··· Stored data ···
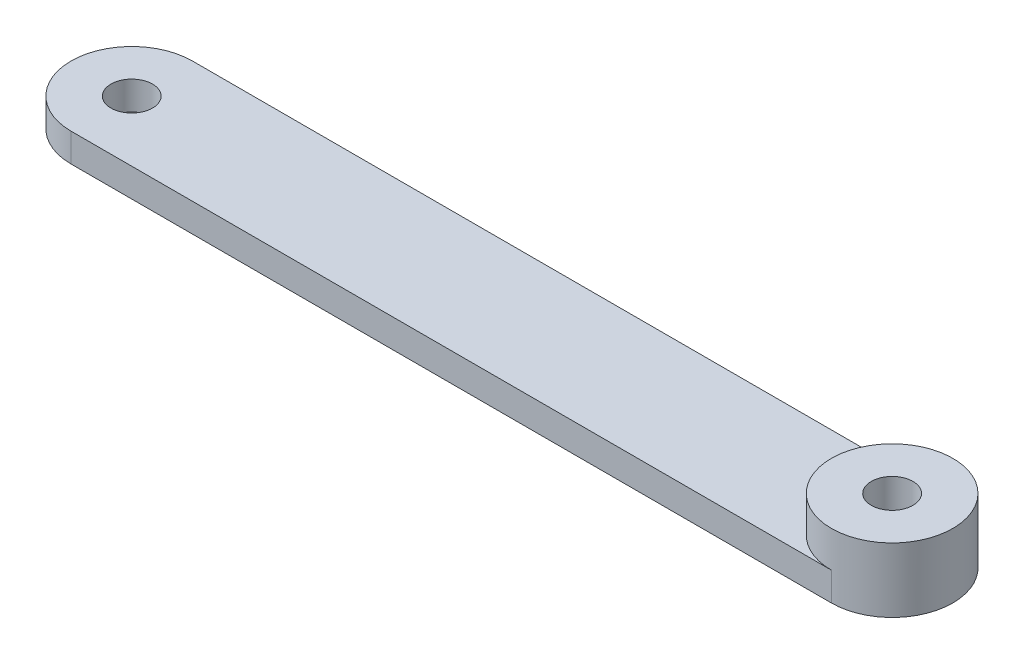
SolidWorks part; units mm, degrees
material "PET"
ref_plane "Front" through (0, 0, 0) normal (0, 0, 1) x (1, 0, 0)
ref_plane "Top" through (0, 0, 0) normal (0, 1, 0) x (1, 0, 0)
ref_plane "Right" through (0, 0, 0) normal (1, 0, 0) x (0, 0, -1)
sketch "Sketch1" plane through (0, 0, 0) normal (0, 1, 0) x (1, 0, 0)
  line L1 (-23.1719, 5.6259) -> (56.3301, 5.6259)
  line L3 (-23.1719, -7.0741) -> (56.3301, -7.0741)
  line L5 (-23.1719, 5.6259) -> (56.3301, -7.0741) construction
  line L6 (-23.1719, -7.0741) -> (56.3301, 5.6259) construction
  arc A0 (-23.1719, 5.6259) -> (-23.1719, -7.0741) centre (-23.1719, -0.7241) ccw
  arc A1 (56.3301, 5.6259) -> (56.3301, -7.0741) centre (56.3301, -0.7241) cw
  point P4 (16.5791, -0.7241)
  dimension "D1" = 6.35
  dimension "D2" = 79.502
  dimension "D3" = 12.7
extrude "Boss-Extrude1" add sketch "Sketch1" along normal blind 2.975
sketch "Sketch2" plane through (0, 2.975, 0) normal (0, 1, 0) x (1, 0, 0)
  circle A0 centre (-23.1719, -0.7241) radius 2.175
  circle A2 centre (56.3301, -0.7241) radius 2.175
  dimension "D1" = 4.35
  dimension "D2" = 79.502
  dimension "D3" = 4.35
extrude "Cut-Extrude1" cut sketch "Sketch2" against normal blind 12.7
sketch "Sketch3" plane through (0, 2.975, 0) normal (0, 1, 0) x (1, 0, 0)
  circle A0 centre (56.3301, -0.7241) radius 2.175
  arc A2 (56.3301, 5.6259) -> (56.3301, -7.0741) centre (56.3301, -0.7241) cw
  arc A3 (56.3301, 5.6259) -> (56.3301, -7.0741) centre (56.3301, -0.7241) ccw
extrude "Boss-Extrude2" add sketch "Sketch3" along normal blind 3.775
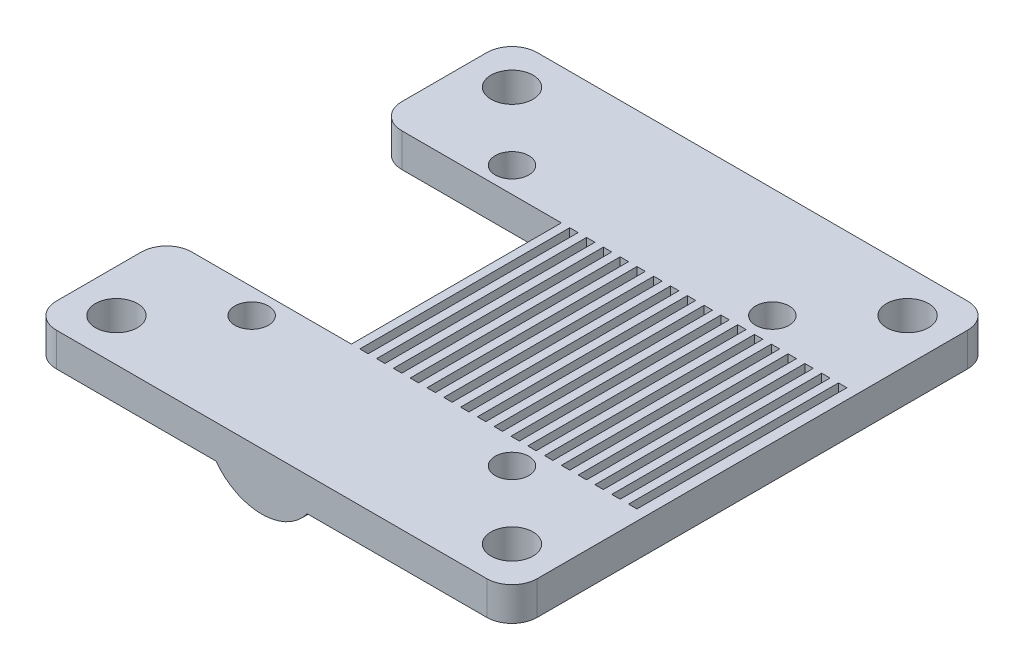
SolidWorks part; units mm, degrees
material "ABS"
ref_plane "Front Plane" through (0, 0, 0) normal (0, 0, 1) x (1, 0, 0)
ref_plane "Top Plane" through (0, 0, 0) normal (0, 1, 0) x (1, 0, 0)
ref_plane "Right Plane" through (0, 0, 0) normal (1, 0, 0) x (0, 0, -1)
sketch "Sketch1" plane through (0, 0, 0) normal (0, 1, 0) x (1, 0, 0)
  line L1 (25.625, 28.625) -> (-25.625, 28.625)
  line L2 (28.625, 25.625) -> (28.625, -25.625)
  line L3 (25.625, -28.625) -> (-25.625, -28.625)
  line L4 (-28.625, 25.625) -> (-28.625, -25.625)
  line L5 (28.625, 28.625) -> (-28.625, -28.625) construction
  line L6 (28.625, -28.625) -> (-28.625, 28.625) construction
  line L7 (23.55, -23.55) -> (-23.55, -23.55) construction
  line L8 (23.55, -23.55) -> (23.55, 23.55) construction
  line L9 (23.55, 23.55) -> (-23.55, 23.55) construction
  line L10 (-23.55, -23.55) -> (-23.55, 23.55) construction
  line L11 (23.55, -23.55) -> (-23.55, 23.55) construction
  line L12 (23.55, 23.55) -> (-23.55, -23.55) construction
  line L13 (15.5, 15.5) -> (-15.5, 15.5) construction
  line L14 (15.5, 15.5) -> (15.5, -15.5) construction
  line L15 (15.5, -15.5) -> (-15.5, -15.5) construction
  line L16 (-15.5, 15.5) -> (-15.5, -15.5) construction
  line L17 (15.5, 15.5) -> (-15.5, -15.5) construction
  line L18 (15.5, -15.5) -> (-15.5, 15.5) construction
  circle A0 centre (-15.5, 15.5) radius 2
  circle A1 centre (-23.55, 23.55) radius 2.5
  circle A2 centre (23.55, 23.55) radius 2.5
  circle A3 centre (15.5, 15.5) radius 2
  circle A4 centre (15.5, -15.5) radius 2
  circle A5 centre (-15.5, -15.5) radius 2
  circle A6 centre (-23.55, -23.55) radius 2.5
  circle A7 centre (23.55, -23.55) radius 2.5
  arc A8 (25.625, 28.625) -> (28.625, 25.625) centre (25.625, 25.625) cw
  arc A9 (28.625, -25.625) -> (25.625, -28.625) centre (25.625, -25.625) cw
  arc A10 (-25.625, -28.625) -> (-28.625, -25.625) centre (-25.625, -25.625) cw
  arc A11 (-25.625, 28.625) -> (-28.625, 25.625) centre (-25.625, 25.625) ccw
  point P0 (0, 0)
  point P5 (0, 0)
  point P11 (0, 0)
  dimension "D7" = 5
  dimension "D8" = 5
  dimension "D9" = 4
  dimension "D10" = 4
  dimension "D11" = 4
  dimension "D12" = 4
  dimension "D13" = 5
  dimension "D14" = 5
  dimension "D15" = 3
  dimension "D1" = 57.25
  dimension "D2" = 57.25
  dimension "D3" = 47.1
  dimension "D4" = 47.1
  dimension "D5" = 31
  dimension "D6" = 31
extrude "Boss-Extrude1" add sketch "Sketch1" along normal blind 4
sketch "Sketch2" plane through (0, 4, 0) normal (0, 1, 0) x (1, 0, 0)
  line L0 (-28.625, 25.625) -> (-28.625, -25.625) construction
  line L3 (-27.625, 12.5) -> (-26.625, 12.5)
  line L4 (-27.625, 12.5) -> (-27.625, -12.5)
  line L5 (-27.625, -12.5) -> (-26.625, -12.5)
  line L6 (-26.625, 12.5) -> (-26.625, -12.5)
  line L7 (-25.625, -12.5) -> (-24.625, -12.5)
  line L8 (-24.625, 12.5) -> (-24.625, -12.5)
  line L9 (-25.625, 12.5) -> (-25.625, -12.5)
  line L10 (-25.625, 12.5) -> (-24.625, 12.5)
  line L11 (-23.625, -12.5) -> (-22.625, -12.5)
  line L12 (-22.625, 12.5) -> (-22.625, -12.5)
  line L13 (-23.625, 12.5) -> (-23.625, -12.5)
  line L14 (-23.625, 12.5) -> (-22.625, 12.5)
  line L15 (-21.625, -12.5) -> (-20.625, -12.5)
  line L16 (-20.625, 12.5) -> (-20.625, -12.5)
  line L17 (-21.625, 12.5) -> (-21.625, -12.5)
  line L18 (-21.625, 12.5) -> (-20.625, 12.5)
  line L19 (-19.625, -12.5) -> (-18.625, -12.5)
  line L20 (-18.625, 12.5) -> (-18.625, -12.5)
  line L21 (-19.625, 12.5) -> (-19.625, -12.5)
  line L22 (-19.625, 12.5) -> (-18.625, 12.5)
  line L23 (-17.625, -12.5) -> (-16.625, -12.5)
  line L24 (-16.625, 12.5) -> (-16.625, -12.5)
  line L25 (-17.625, 12.5) -> (-17.625, -12.5)
  line L26 (-17.625, 12.5) -> (-16.625, 12.5)
  line L27 (-15.625, -12.5) -> (-14.625, -12.5)
  line L28 (-14.625, 12.5) -> (-14.625, -12.5)
  line L29 (-15.625, 12.5) -> (-15.625, -12.5)
  line L30 (-15.625, 12.5) -> (-14.625, 12.5)
  line L31 (-13.625, -12.5) -> (-12.625, -12.5)
  line L32 (-12.625, 12.5) -> (-12.625, -12.5)
  line L33 (-13.625, 12.5) -> (-13.625, -12.5)
  line L34 (-13.625, 12.5) -> (-12.625, 12.5)
  line L35 (-11.625, -12.5) -> (-10.625, -12.5)
  line L36 (-10.625, 12.5) -> (-10.625, -12.5)
  line L37 (-11.625, 12.5) -> (-11.625, -12.5)
  line L38 (-11.625, 12.5) -> (-10.625, 12.5)
  line L39 (-9.625, -12.5) -> (-8.625, -12.5)
  line L40 (-8.625, 12.5) -> (-8.625, -12.5)
  line L41 (-9.625, 12.5) -> (-9.625, -12.5)
  line L42 (-9.625, 12.5) -> (-8.625, 12.5)
  line L43 (-7.625, -12.5) -> (-6.625, -12.5)
  line L44 (-6.625, 12.5) -> (-6.625, -12.5)
  line L45 (-7.625, 12.5) -> (-7.625, -12.5)
  line L46 (-7.625, 12.5) -> (-6.625, 12.5)
  line L47 (-5.625, -12.5) -> (-4.625, -12.5)
  line L48 (-4.625, 12.5) -> (-4.625, -12.5)
  line L49 (-5.625, 12.5) -> (-5.625, -12.5)
  line L50 (-5.625, 12.5) -> (-4.625, 12.5)
  line L51 (-3.625, -12.5) -> (-2.625, -12.5)
  line L52 (-2.625, 12.5) -> (-2.625, -12.5)
  line L53 (-3.625, 12.5) -> (-3.625, -12.5)
  line L54 (-3.625, 12.5) -> (-2.625, 12.5)
  line L55 (-1.625, -12.5) -> (-0.625, -12.5)
  line L56 (-0.625, 12.5) -> (-0.625, -12.5)
  line L57 (-1.625, 12.5) -> (-1.625, -12.5)
  line L58 (-1.625, 12.5) -> (-0.625, 12.5)
  line L59 (0.375, -12.5) -> (1.375, -12.5)
  line L60 (1.375, 12.5) -> (1.375, -12.5)
  line L61 (0.375, 12.5) -> (0.375, -12.5)
  line L62 (0.375, 12.5) -> (1.375, 12.5)
  line L63 (2.375, -12.5) -> (3.375, -12.5)
  line L64 (3.375, 12.5) -> (3.375, -12.5)
  line L65 (2.375, 12.5) -> (2.375, -12.5)
  line L66 (2.375, 12.5) -> (3.375, 12.5)
  line L67 (4.375, -12.5) -> (5.375, -12.5)
  line L68 (5.375, 12.5) -> (5.375, -12.5)
  line L69 (4.375, 12.5) -> (4.375, -12.5)
  line L70 (4.375, 12.5) -> (5.375, 12.5)
  line L71 (6.375, -12.5) -> (7.375, -12.5)
  line L72 (7.375, 12.5) -> (7.375, -12.5)
  line L73 (6.375, 12.5) -> (6.375, -12.5)
  line L74 (6.375, 12.5) -> (7.375, 12.5)
  line L75 (8.375, -12.5) -> (9.375, -12.5)
  line L76 (9.375, 12.5) -> (9.375, -12.5)
  line L77 (8.375, 12.5) -> (8.375, -12.5)
  line L78 (8.375, 12.5) -> (9.375, 12.5)
  line L79 (10.375, -12.5) -> (11.375, -12.5)
  line L80 (11.375, 12.5) -> (11.375, -12.5)
  line L81 (10.375, 12.5) -> (10.375, -12.5)
  line L82 (10.375, 12.5) -> (11.375, 12.5)
  line L83 (12.375, -12.5) -> (13.375, -12.5)
  line L84 (13.375, 12.5) -> (13.375, -12.5)
  line L85 (12.375, 12.5) -> (12.375, -12.5)
  line L86 (12.375, 12.5) -> (13.375, 12.5)
  line L87 (14.375, -12.5) -> (15.375, -12.5)
  line L88 (15.375, 12.5) -> (15.375, -12.5)
  line L89 (14.375, 12.5) -> (14.375, -12.5)
  line L90 (14.375, 12.5) -> (15.375, 12.5)
  line L91 (16.375, -12.5) -> (17.375, -12.5)
  line L92 (17.375, 12.5) -> (17.375, -12.5)
  line L93 (16.375, 12.5) -> (16.375, -12.5)
  line L94 (16.375, 12.5) -> (17.375, 12.5)
  line L95 (18.375, -12.5) -> (19.375, -12.5)
  line L96 (19.375, 12.5) -> (19.375, -12.5)
  line L97 (18.375, 12.5) -> (18.375, -12.5)
  line L98 (18.375, 12.5) -> (19.375, 12.5)
  line L99 (20.375, -12.5) -> (21.375, -12.5)
  line L100 (21.375, 12.5) -> (21.375, -12.5)
  line L101 (20.375, 12.5) -> (20.375, -12.5)
  line L102 (20.375, 12.5) -> (21.375, 12.5)
  line L103 (22.375, -12.5) -> (23.375, -12.5)
  line L104 (23.375, 12.5) -> (23.375, -12.5)
  line L105 (22.375, 12.5) -> (22.375, -12.5)
  line L106 (22.375, 12.5) -> (23.375, 12.5)
  line L107 (24.375, -12.5) -> (25.375, -12.5)
  line L108 (25.375, 12.5) -> (25.375, -12.5)
  line L109 (24.375, 12.5) -> (24.375, -12.5)
  line L110 (24.375, 12.5) -> (25.375, 12.5)
  line L111 (26.375, -12.5) -> (27.375, -12.5)
  line L112 (27.375, 12.5) -> (27.375, -12.5)
  line L113 (26.375, 12.5) -> (26.375, -12.5)
  line L114 (26.375, 12.5) -> (27.375, 12.5)
  dimension "D1" = 1
  dimension "D2" = 1
  dimension "D3" = 12.5
  dimension "D4" = 25
  dimension "D5" = 28
extrude "Cut-Extrude1" cut sketch "Sketch2" against normal blind 1
sketch "Sketch3" plane through (0, 0, 0) normal (0, -1, 0) x (1, 0, 0)
  line L0 (-28.625, -25.625) -> (-28.625, 25.625) construction
  line L1 (-28.625, -12.5) -> (-6.625, -12.5)
  line L2 (-28.625, -12.5) -> (-28.625, 12.5)
  line L3 (-28.625, 12.5) -> (-6.625, 12.5)
  line L4 (-6.625, -12.5) -> (-6.625, 12.5)
  dimension "D1" = 25
  dimension "D2" = 22
  dimension "D3" = 12.5
extrude "Cut-Extrude2" cut sketch "Sketch3" against normal through all
sketch "Sketch4" plane through (0, 0, -28.625) normal (0, 0, -1) x (-1, 0, 0)
  line L1 (-4.2493, 0) -> (6.625, 0)
  line L3 (-25.625, 0) -> (25.625, 0) construction
  line L4 (-25.625, 4) -> (25.625, 4) construction
  arc A0 (-4.2493, 0) -> (6.625, 0) centre (1.1879, 4) ccw
  dimension "D1" = 13.5
  dimension "D2" = 22
extrude "Boss-Extrude2" add sketch "Sketch4" against normal up to surface (57.25 mm away) up to face at (0, 2, 28.625)
fillet "Fillet1" radius 3 2 edges at (-28.625, 2, 12.5) (-28.625, 2, -12.5)
···
◆ Task brief ◆
Looking at the records above, return exactly the lines from the line with "point P11 (0, 0)" to the line with "line L0 (-28.625, 25.625)", both ends included.

◆ Answer ◆
  point P11 (0, 0)
  dimension "D7" = 5
  dimension "D8" = 5
  dimension "D9" = 4
  dimension "D10" = 4
  dimension "D11" = 4
  dimension "D12" = 4
  dimension "D13" = 5
  dimension "D14" = 5
  dimension "D15" = 3
  dimension "D1" = 57.25
  dimension "D2" = 57.25
  dimension "D3" = 47.1
  dimension "D4" = 47.1
  dimension "D5" = 31
  dimension "D6" = 31
extrude "Boss-Extrude1" add sketch "Sketch1" along normal blind 4
sketch "Sketch2" plane through (0, 4, 0) normal (0, 1, 0) x (1, 0, 0)
  line L0 (-28.625, 25.625) -> (-28.625, -25.625) construction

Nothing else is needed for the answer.